Se move desatento, relaxado; como se pegasse carona no vento que lhe bate às
costas. À medida com que anda, escuta alguém chamar-lhe ao fundo, mas não dá
importância. Da maneira como sorri, qualquer pessoa se torna imperceptível aos olhos.
Só escuta a si próprio, bem como à sua consciência. Consciência esta que lhe
traiu ao tempo de provar-se capaz.
A vida esconde o
momento da verdadeira prova, e não revela o resultado. Só se saberá da
aprovação quando estiver no céu ou no inferno. Provar da incapacidade é um
susto, uma surpresa do destino. De repente, descobrimos não conseguir pular um
muro ou construir um diálogo sobre o clima frio da cidade.
Sua face carrega
uma expressão cansada, abatida, mas também dotada de uma alegria inocente. Seu
sorriso ignora qualquer fato alheio oriundo de novidade. De novo, o seu
sorriso. É o mesmo, com sol ou chuva. Não que isso valha como um mérito; a bem
da verdade é como se tivesse tomado um soco no queixo. Os furos em sua roupa
denunciam a falta de cuidado – não propriamente consigo mesmo, mas por não ter
ninguém que cuide de si. Apesar da freqüência com que se mostra, não sei onde
mora – tampouco se possui um lar.
Observo-o pela
manhã, descendo a Avenida Doutor Lisboa; na noite, é fácil vê-lo andando pelos
bares. Tenho pra mim que não se lembra de quando perdeu a lucidez.

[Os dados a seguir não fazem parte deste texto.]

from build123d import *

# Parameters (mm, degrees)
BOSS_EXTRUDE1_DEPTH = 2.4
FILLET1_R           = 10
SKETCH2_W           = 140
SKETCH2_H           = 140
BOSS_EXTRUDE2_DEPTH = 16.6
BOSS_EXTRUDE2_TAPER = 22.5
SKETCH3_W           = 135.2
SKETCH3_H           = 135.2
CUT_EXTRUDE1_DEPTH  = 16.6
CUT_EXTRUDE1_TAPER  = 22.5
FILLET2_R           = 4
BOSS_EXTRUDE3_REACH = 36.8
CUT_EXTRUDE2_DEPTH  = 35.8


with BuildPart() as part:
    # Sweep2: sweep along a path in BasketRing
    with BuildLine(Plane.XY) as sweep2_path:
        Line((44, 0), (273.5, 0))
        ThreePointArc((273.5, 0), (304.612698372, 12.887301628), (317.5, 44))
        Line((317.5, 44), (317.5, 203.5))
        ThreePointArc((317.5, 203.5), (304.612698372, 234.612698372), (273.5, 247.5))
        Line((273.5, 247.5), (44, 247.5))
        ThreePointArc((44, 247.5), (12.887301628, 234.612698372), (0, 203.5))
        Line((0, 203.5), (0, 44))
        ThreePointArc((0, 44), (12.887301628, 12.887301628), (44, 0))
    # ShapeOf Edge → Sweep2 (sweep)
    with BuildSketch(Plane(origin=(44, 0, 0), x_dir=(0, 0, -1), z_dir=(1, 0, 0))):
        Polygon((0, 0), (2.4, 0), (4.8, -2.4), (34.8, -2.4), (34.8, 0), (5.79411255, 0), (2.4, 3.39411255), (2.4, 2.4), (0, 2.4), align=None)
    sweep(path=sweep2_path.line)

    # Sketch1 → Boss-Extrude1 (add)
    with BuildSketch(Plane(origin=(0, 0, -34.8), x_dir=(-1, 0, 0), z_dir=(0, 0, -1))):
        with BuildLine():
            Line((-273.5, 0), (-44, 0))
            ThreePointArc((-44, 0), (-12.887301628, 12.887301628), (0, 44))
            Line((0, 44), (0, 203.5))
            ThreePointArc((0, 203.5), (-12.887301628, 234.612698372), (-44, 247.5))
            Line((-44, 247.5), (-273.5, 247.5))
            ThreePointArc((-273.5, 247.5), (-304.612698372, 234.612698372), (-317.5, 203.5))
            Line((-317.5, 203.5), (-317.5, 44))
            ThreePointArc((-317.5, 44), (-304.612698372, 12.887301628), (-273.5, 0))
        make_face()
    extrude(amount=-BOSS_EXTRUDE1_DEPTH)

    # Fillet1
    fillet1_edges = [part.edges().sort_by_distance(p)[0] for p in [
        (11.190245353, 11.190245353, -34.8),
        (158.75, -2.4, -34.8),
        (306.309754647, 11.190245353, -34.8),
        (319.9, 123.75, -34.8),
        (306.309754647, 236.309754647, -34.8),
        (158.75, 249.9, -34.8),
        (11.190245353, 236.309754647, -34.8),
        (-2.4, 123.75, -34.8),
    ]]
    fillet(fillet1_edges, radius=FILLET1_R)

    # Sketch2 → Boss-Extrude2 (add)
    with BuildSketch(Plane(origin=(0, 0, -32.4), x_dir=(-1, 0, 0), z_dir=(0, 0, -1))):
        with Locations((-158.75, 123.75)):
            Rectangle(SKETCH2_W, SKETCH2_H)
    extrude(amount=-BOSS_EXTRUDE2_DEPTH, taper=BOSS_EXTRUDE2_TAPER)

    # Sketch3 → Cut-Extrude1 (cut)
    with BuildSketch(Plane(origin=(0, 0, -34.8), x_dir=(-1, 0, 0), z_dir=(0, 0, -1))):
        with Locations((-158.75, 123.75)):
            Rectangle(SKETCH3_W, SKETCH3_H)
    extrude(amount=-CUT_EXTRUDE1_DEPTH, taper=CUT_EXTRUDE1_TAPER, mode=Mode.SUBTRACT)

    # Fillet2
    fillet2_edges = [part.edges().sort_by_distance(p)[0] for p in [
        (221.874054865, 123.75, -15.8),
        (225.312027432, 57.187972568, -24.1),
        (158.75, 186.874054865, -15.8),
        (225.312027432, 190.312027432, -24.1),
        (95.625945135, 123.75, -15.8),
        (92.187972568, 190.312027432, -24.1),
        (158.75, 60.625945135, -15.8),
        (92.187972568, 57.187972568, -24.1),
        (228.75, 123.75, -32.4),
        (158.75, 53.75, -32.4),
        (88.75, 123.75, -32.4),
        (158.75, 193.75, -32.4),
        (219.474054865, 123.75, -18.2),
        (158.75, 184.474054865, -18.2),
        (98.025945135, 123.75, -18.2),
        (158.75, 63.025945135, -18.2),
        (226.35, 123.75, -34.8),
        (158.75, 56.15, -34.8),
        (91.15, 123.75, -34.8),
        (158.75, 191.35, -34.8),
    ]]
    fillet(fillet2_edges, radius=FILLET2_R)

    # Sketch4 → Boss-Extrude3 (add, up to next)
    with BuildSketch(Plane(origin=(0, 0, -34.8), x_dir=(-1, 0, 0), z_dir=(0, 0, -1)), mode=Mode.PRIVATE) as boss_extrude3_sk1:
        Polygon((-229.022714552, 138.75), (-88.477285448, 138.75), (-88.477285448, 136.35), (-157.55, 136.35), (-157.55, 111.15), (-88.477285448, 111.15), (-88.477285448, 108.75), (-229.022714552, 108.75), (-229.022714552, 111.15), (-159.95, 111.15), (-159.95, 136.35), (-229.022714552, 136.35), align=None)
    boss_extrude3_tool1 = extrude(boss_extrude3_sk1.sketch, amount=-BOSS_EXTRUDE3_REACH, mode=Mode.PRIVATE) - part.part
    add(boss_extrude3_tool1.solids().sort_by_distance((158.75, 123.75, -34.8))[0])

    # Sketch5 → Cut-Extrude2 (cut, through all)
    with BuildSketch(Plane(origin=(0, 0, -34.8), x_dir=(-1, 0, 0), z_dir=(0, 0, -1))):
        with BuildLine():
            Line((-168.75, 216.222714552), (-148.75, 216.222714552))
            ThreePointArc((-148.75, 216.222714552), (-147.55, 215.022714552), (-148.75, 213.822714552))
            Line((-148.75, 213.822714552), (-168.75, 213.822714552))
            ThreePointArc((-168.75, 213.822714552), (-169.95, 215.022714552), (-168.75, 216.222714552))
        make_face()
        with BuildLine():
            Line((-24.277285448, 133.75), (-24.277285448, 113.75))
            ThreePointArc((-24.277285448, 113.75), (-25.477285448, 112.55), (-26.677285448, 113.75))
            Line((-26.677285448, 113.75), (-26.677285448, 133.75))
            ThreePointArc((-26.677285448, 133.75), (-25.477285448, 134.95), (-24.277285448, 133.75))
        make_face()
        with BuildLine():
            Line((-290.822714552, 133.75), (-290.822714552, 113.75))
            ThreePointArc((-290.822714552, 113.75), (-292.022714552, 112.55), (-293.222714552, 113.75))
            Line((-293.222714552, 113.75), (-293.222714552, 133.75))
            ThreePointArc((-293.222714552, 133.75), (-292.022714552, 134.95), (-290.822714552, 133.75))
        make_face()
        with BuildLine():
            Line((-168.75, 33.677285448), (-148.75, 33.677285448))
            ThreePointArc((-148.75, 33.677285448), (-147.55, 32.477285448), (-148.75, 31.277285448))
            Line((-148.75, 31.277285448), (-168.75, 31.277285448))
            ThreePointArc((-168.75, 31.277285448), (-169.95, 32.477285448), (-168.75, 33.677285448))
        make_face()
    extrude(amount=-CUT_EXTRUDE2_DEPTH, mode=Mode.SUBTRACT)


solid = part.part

Pergunto-me
se há ainda uma memória dentro de sua cabeça. Vejo este louco passar e me
apetece conhecer os seus gostos. Saber se prefere Pepsi ou Coca-cola, ou se vê
diferença entre os pastéis mais populares de Pouso Alegre. Vejo o entusiasmo
com que cumprimenta as pessoas na farmácia, no posto de gasolina e no boteco. Imagino-me
no lugar dele – ao menos que por um dia; desconhecer das notícias, ignorar a
falsidade, não decepcionar-se com a chuva, nem sofrer por amor; ter a
serenidade de confundir os sonhos com a realidade; a paz de não preocupar-se
com a realização dos planos. De viver sem ser vivido. Sentir na pele a
indiferença, bater no peito e dizer: a ignorância é uma benção.